You freakin' nimrod

“Cush was the father of Nimrod, who grew to be a mighty warrior on the earth. He was a mighty warrior before the LORD; that is why it is said ‘Like Nimrod, a mighty hunter before the LORD.’” – Genesis 10:8-9

Why and when did Nimrod change from a mighty warrior/hunter to a stupid or foolish person? Any other reference to Nimrod in the Bible is making mention of Nimrod’s kingdom and how great it was. Is the slang term referring to something or someone else? Has being a great hunter gone out of vogue? Any info?

“I guess it is possible for one person to make a difference, although most of the time they probably shouldn’t.”

I believe Nimrod can also be attributed to the drama masks :slight_smile: and :frowning:

The ocean of liquor, I drank to forget her, is gonna kill me, but I’ll drink till then.- George Jones Still Doin Time

I always thought it was sort of an illiterate’s idea of a really dirty word. “Huh, huh, he said Nimrod. Get it … Nimrod? Huh huh.” I don’t think there is any real biblical thinking involved.
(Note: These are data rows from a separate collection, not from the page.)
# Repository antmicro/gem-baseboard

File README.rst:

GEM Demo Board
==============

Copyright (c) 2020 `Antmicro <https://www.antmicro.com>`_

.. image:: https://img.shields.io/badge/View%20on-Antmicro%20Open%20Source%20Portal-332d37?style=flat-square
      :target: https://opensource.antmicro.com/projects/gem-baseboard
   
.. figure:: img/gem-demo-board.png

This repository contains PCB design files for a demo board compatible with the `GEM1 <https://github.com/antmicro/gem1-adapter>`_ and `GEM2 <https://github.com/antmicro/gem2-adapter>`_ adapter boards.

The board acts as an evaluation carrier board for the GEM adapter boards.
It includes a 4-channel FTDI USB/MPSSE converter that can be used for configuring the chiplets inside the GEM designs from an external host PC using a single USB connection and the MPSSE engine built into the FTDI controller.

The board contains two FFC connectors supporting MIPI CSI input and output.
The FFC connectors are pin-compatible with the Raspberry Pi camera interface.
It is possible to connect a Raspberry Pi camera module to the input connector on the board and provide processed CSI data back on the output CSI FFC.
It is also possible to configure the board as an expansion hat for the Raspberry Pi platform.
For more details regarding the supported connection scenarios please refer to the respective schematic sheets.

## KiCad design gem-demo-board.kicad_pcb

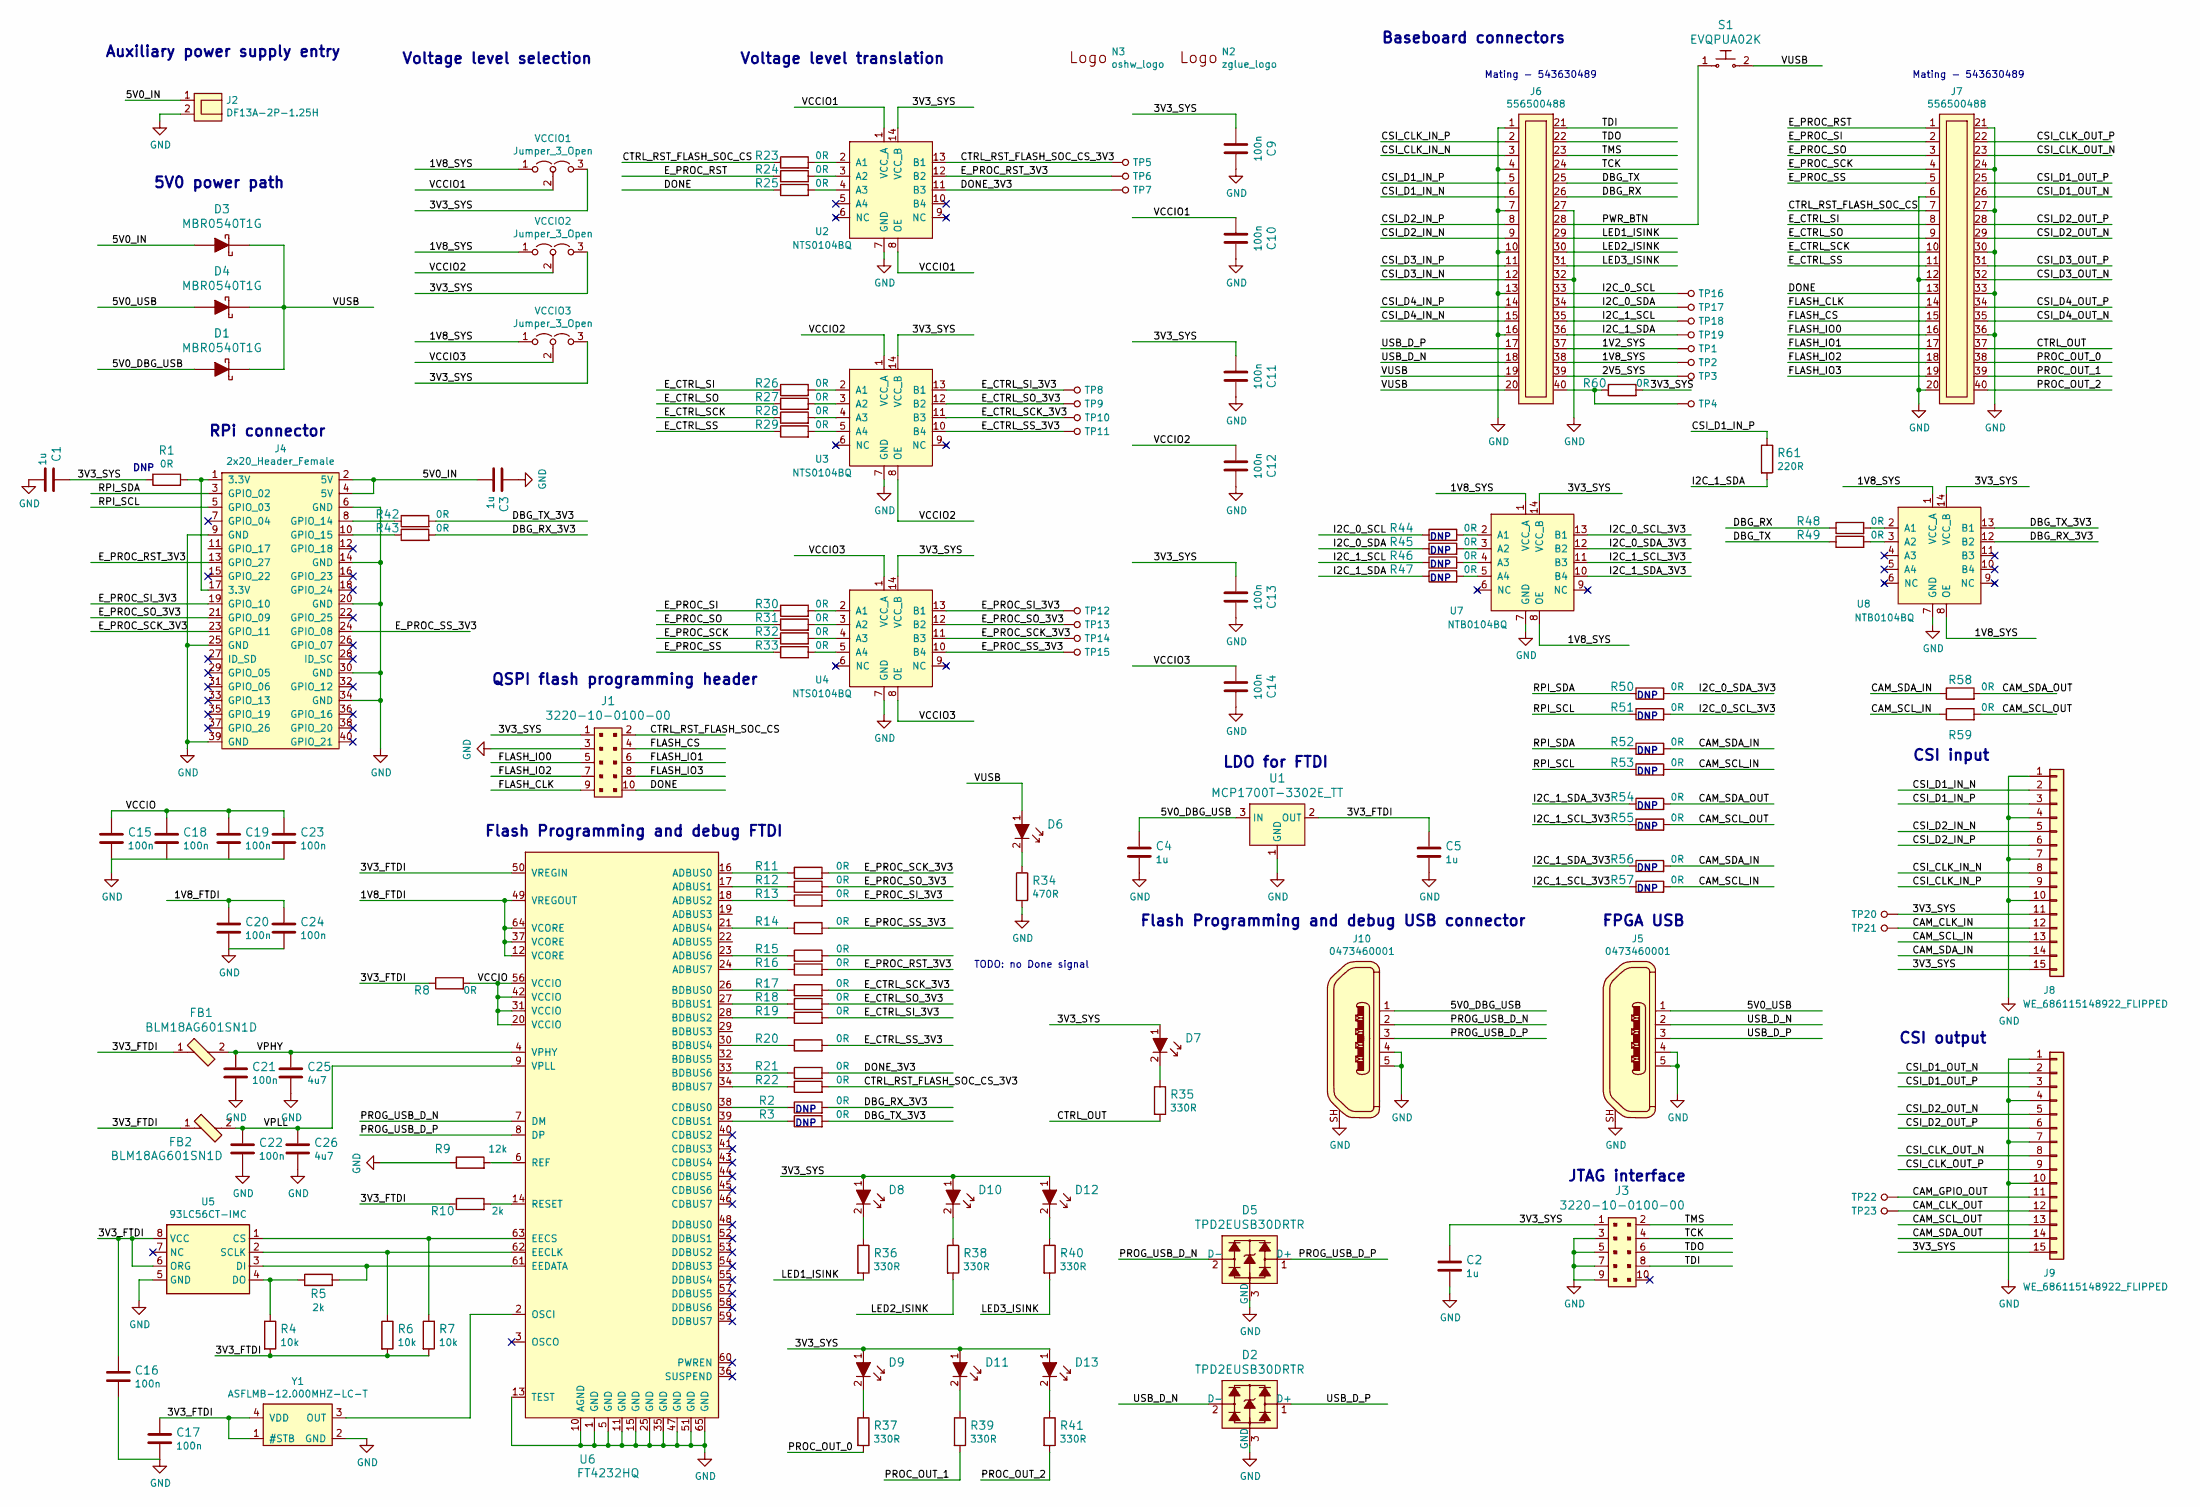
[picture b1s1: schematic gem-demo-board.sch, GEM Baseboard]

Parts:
C1, C2, C3, C4, C5: C_1u_0603; 0603-cap; MPN 0603X105K160CT
C9, C10, C11, C12, C13, C14, C15, C16, C17, C18, C19, C20, C21, C22, C23, C24: C_100n_0402_6V3; 0402-cap; MPN 0402X104K6R3CT
C25, C26: C_4u7_0402; 0402-cap; MPN GRM155R60G475ME
D1, D3, D4: MBR0540T1G; SOD-123; MPN MBR0540T1G
D2, D5: TPD2EUSB30DRTR; SOT-3; MPN TPD2EUSB30DRTR
D6, D7, D8, D9, D10, D11, D12, D13: LG_L29K-G2J1-24-Z; LED_0603; MPN LG L29K-G2J1-24-Z
FB1, FB2: BLM18AG601SN1D; 0603; MPN BLM18AG601SN1D
J1, J3: 3220-10-0100-00; PinHeader_2x5_P1.27mm_Drill.7mm; MPN 3220-10-0100-00
J2: DF13A-2P-1.25H; MPN DF13A-2P-1.25H
J4: 2x20_Header_Female; PinHeader_2x40_P2.54_Drill1mm; MPN 2214S-40SG-85
J5, J10: 0473460001; USB_Micro_B_Female_0473460001; MPN 0473460001
J6, J7: 556500488; MPN 556500488
J8, J9: WE_686115148922_FLIPPED; MPN 686115148922
N2: zglue_logo; zglue-logo
N3: oshw_logo; oshw-logo
R1: R_0R_0603; 0603-res; MPN CR0603-J/-000ELF
R2, R3, R8, R11, R12, R13, R14, R15, R16, R17, R18, R19, R20, R21, R22, R23, R24, R25, R26, R27, R28, R29, R30, R31, R32, R33, R42, R43, R44, R45, R46, R47, R48, R49, R50, R51, R52, R53, R54, R55, R56, R57, R58, R59, R60: R_0R_0402; 0402-res; MPN ERJ2GE0R00X
R4, R6, R7: R_10k_0402; 0402-res; MPN CRCW040210K0FKEDHP
R5, R10: R_2k_0402; 0402-res; MPN CRCW04022K00FKED
R9: R_12k_0402; 0402-res; MPN CRCW040212K0FKEDHP
R34: R_470R_0402; 0402-res; MPN CRCW0402470RFKED.
R35, R36, R37, R38, R39, R40, R41: R_330R_0402; 0402-res; MPN MCMR04X3300FTL
R61: R_220R_0402; 0402-res; MPN CRG0402J220R
S1: EVQPUA02K; Panasonic_EVQPUJ_EVQPUA; MPN EVQPUA02K
TP1, TP2, TP3, TP4, TP5, TP6, TP7, TP8, TP9, TP10, TP11, TP12, TP13, TP14, TP15, TP16, TP17, TP18, TP19, TP20, TP21, TP22, TP23: TP_SMD1MM; Testpoint_smd_1mm
U1: MCP1700T-3302E_TT; SOT-23-3; MPN MCP1700T-3302E/TT
U2, U3, U4: NTS0104BQ; QDHVQFN14; MPN NTS0104BQ
U5: 93LC56CT-IMC; DFN-8_2x3mm; MPN 93LC56CT-I/MC
U6: FT4232HQ; MPN FT4232HQ
U7, U8: NTB0104BQ; QDHVQFN14; MPN NTB0104BQ
VCCIO1, VCCIO2, VCCIO3: Jumper_3_Open; SolderJumper-3_P1.3mm_Open_Pad1.0x1.5mm
Y1: ASFLMB-12.000MHZ-LC-T; ASFLMB; MPN ASFLMB-12.000MHZ-LC-T

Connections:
/1V2_SYS: J6.37, TP1.1
/1V8_FTDI: C20.1, C24.1, U6.12 (VCORE), U6.37 (VCORE), U6.49 (VREGOUT), U6.64 (VCORE)
/1V8_SYS: J6.38, TP2.1, U7.1 (VCC_A), U7.8 (OE), U8.1 (VCC_A), U8.8 (OE), VCCIO1.1 (A), VCCIO2.1 (A), VCCIO3.1 (A)
/2V5_SYS: J6.39, TP3.1
/3V3_FTDI: C5.1, C16.1, C17.1, FB1.1, FB2.1, R4.2, R6.2, R7.2, R8.1, R10.1, U1.2 (OUT), U5.6 (ORG), U5.8 (VCC), U6.50 (VREGIN), Y1.1 (#STB), Y1.4 (VDD)
/3V3_SYS: C1.1, C2.1, C9.2, C11.2, C13.2, D7.1, D8.1, D9.1, D10.1, D11.1, D12.1, D13.1, J1.1, J3.1, J8.11, J8.15, J9.15, R1.1, R60.2, TP20.1, U2.14 (VCC_B), U3.14 (VCC_B), U4.14 (VCC_B), U7.14 (VCC_B), U8.14 (VCC_B), VCCIO1.3 (B), VCCIO2.3 (B), VCCIO3.3 (B)
/5V0_DBG_USB: C4.1, D1.A, J10.1, U1.3 (IN)
/5V0_IN: C3.2, D3.A, J2.1, J4.2 (5V), J4.4 (5V)
/5V0_USB: D4.A, J5.1
/CAM_CLK_IN: J8.12, TP21.1
/CAM_CLK_OUT: J9.12, TP23.1
/CAM_GPIO_OUT: J9.11, TP22.1
/CAM_SCL_IN: J8.13, R53.2, R57.2, R59.1
/CAM_SCL_OUT: J9.13, R55.2, R59.2
/CAM_SDA_IN: J8.14, R52.2, R56.2, R58.1
/CAM_SDA_OUT: J9.14, R54.2, R58.2
/CSI_CLK_IN_N: J6.3, J8.8
/CSI_CLK_IN_P: J6.2, J8.9
/CSI_CLK_OUT_N: J7.23, J9.8
/CSI_CLK_OUT_P: J7.22, J9.9
/CSI_D1_IN_N: J6.6, J8.2
/CSI_D1_IN_P: J6.5, J8.3, R61.1
/CSI_D1_OUT_N: J7.26, J9.2
/CSI_D1_OUT_P: J7.25, J9.3
/CSI_D2_IN_N: J6.9, J8.5
/CSI_D2_IN_P: J6.8, J8.6
/CSI_D2_OUT_N: J7.29, J9.5
/CSI_D2_OUT_P: J7.28, J9.6
/CSI_D3_IN_N: J6.12
/CSI_D3_IN_P: J6.11
/CSI_D3_OUT_N: J7.32
/CSI_D3_OUT_P: J7.31
/CSI_D4_IN_N: J6.15
/CSI_D4_IN_P: J6.14
/CSI_D4_OUT_N: J7.35
/CSI_D4_OUT_P: J7.34
/CTRL_OUT: J7.37, R35.2
/CTRL_RST_FLASH_SOC_CS: J1.2, J7.7, R23.1
/CTRL_RST_FLASH_SOC_CS_3V3: R22.2, TP5.1, U2.13 (B1)
/DBG_RX: J6.26, R48.1
/DBG_RX_3V3: R2.2, R43.2, U8.12 (B2)
/DBG_TX: J6.25, R49.1
/DBG_TX_3V3: R3.2, R42.2, U8.13 (B1)
/DONE: J1.10, J7.13, R25.1
/DONE_3V3: R21.2, TP7.1, U2.11 (B3)
/E_CTRL_SCK: J7.10, R28.1
/E_CTRL_SCK_3V3: R17.2, TP10.1, U3.11 (B3)
/E_CTRL_SI: J7.8, R26.1
/E_CTRL_SI_3V3: R19.2, TP8.1, U3.13 (B1)
/E_CTRL_SO: J7.9, R27.1
/E_CTRL_SO_3V3: R18.2, TP9.1, U3.12 (B2)
/E_CTRL_SS: J7.11, R29.1
/E_CTRL_SS_3V3: R20.2, TP11.1, U3.10 (B4)
/E_PROC_RST: J7.1, R24.1
/E_PROC_RST_3V3: J4.13 (GPIO_27), R16.2, TP6.1, U2.12 (B2)
/E_PROC_SCK: J7.4, R32.1
/E_PROC_SCK_3V3: J4.23 (GPIO_11), R11.2, TP14.1, U4.11 (B3)
/E_PROC_SI: J7.2, R30.1
/E_PROC_SI_3V3: J4.19 (GPIO_10), R13.2, TP12.1, U4.13 (B1)
/E_PROC_SO: J7.3, R31.1
/E_PROC_SO_3V3: J4.21 (GPIO_09), R12.2, TP13.1, U4.12 (B2)
/E_PROC_SS: J7.5, R33.1
/E_PROC_SS_3V3: J4.24 (GPIO_08), R14.2, TP15.1, U4.10 (B4)
/FLASH_CLK: J1.9, J7.14
/FLASH_CS: J1.4, J7.15
/FLASH_IO0: J1.5, J7.16
/FLASH_IO1: J1.6, J7.17
/FLASH_IO2: J1.7, J7.18
/FLASH_IO3: J1.8, J7.19
/I2C_0_SCL: J6.33, R44.1, TP16.1
/I2C_0_SCL_3V3: R51.2, U7.13 (B1)
/I2C_0_SDA: J6.34, R45.1, TP17.1
/I2C_0_SDA_3V3: R50.2, U7.12 (B2)
/I2C_1_SCL: J6.35, R46.1, TP18.1
/I2C_1_SCL_3V3: R55.1, R57.1, U7.11 (B3)
/I2C_1_SDA: J6.36, R47.1, R61.2, TP19.1
/I2C_1_SDA_3V3: R54.1, R56.1, U7.10 (B4)
/LED1_ISINK: J6.29, R36.2
/LED2_ISINK: J6.30, R38.2
/LED3_ISINK: J6.31, R40.2
/PROC_OUT_0: J7.38, R37.2
/PROC_OUT_1: J7.39, R39.2
/PROC_OUT_2: J7.40, R41.2
/PROG_USB_D_N: D5.2 (D-), J10.2, U6.7 (DM)
/PROG_USB_D_P: D5.1 (D+), J10.3, U6.8 (DP)
/PWR_BTN: J6.28, S1.1
/RPI_SCL: J4.5 (GPIO_03), R51.1, R53.1
/RPI_SDA: J4.3 (GPIO_02), R50.1, R52.1
/TCK: J3.4, J6.24
/TDI: J3.8, J6.21
/TDO: J3.6, J6.22
/TMS: J3.2, J6.23
/USB_D_N: D2.2 (D-), J5.2, J6.18
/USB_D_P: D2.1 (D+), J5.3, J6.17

Nothing I write about any person or group should be applied to a larger group.

  • Boris Badenov

In, I think, certain midrashim, it is claimed that Nimrod attempted to kill Abraham.
It is also noted in the Talmud (tractate Sanhedrin, IIRC), that Nimrod is only one of two hunters mentioned in the Torah.
The transformation is probably along the lines of “Nimrod = cruel person = person too stupid to be other than cruel = stupid person”.

“Kings die, and leave their crowns to their sons. Shmuel HaKatan took all the treasures in the world, and went away.”

Wasn’t this covered in another thread, and it was attributed to “Bugs Bunny?”


Instead of calling me names he could get in trouble for, my brother used to pick words from the dictionary to use as epithets. He chose words that sounded insulting regardless of the actual meaning. He called me “nimrod” and “pismire” (among others).

I agree with Mr. Badenov - “nimrod” has come to mean “goofball” just for the sound of it.

The Bugs Bunny connection isn’t far off. Apparently, he didn’t coin the term, but he definitely popularized it:

I was amused to see that further down on the word-detective page referenced above is a link back here to The Straight Dope!

IIRC, the British armed forces had an anti-submarine airplane called the Nimrod. I wouldn’t think someone would want to tell his friends “yeah, I drive a nimrod for a living,” but those Brits are a wacky crew :slight_smile:


I can think of no more stirring symbol of man’s humanity to man than a fire engine - Kurt Vonnegut

I tend to agree with those who believe that Nimrod is mostly just a victim of Unfortunate Name Syndrome.

Because my job requires me to deal with people from lots of different countries I occasionally run across someone whose name is perfectly acceptable, possibly even distinguished, in their native language but resembles something funny or naughty in English… the best make-believe example I can think of is “Long Duc Dong” in “Sixteen Candles”.

It happens to us, too: I know someone named “Mystic,” which sounds a lot like a German word meaning approximately “stinky.”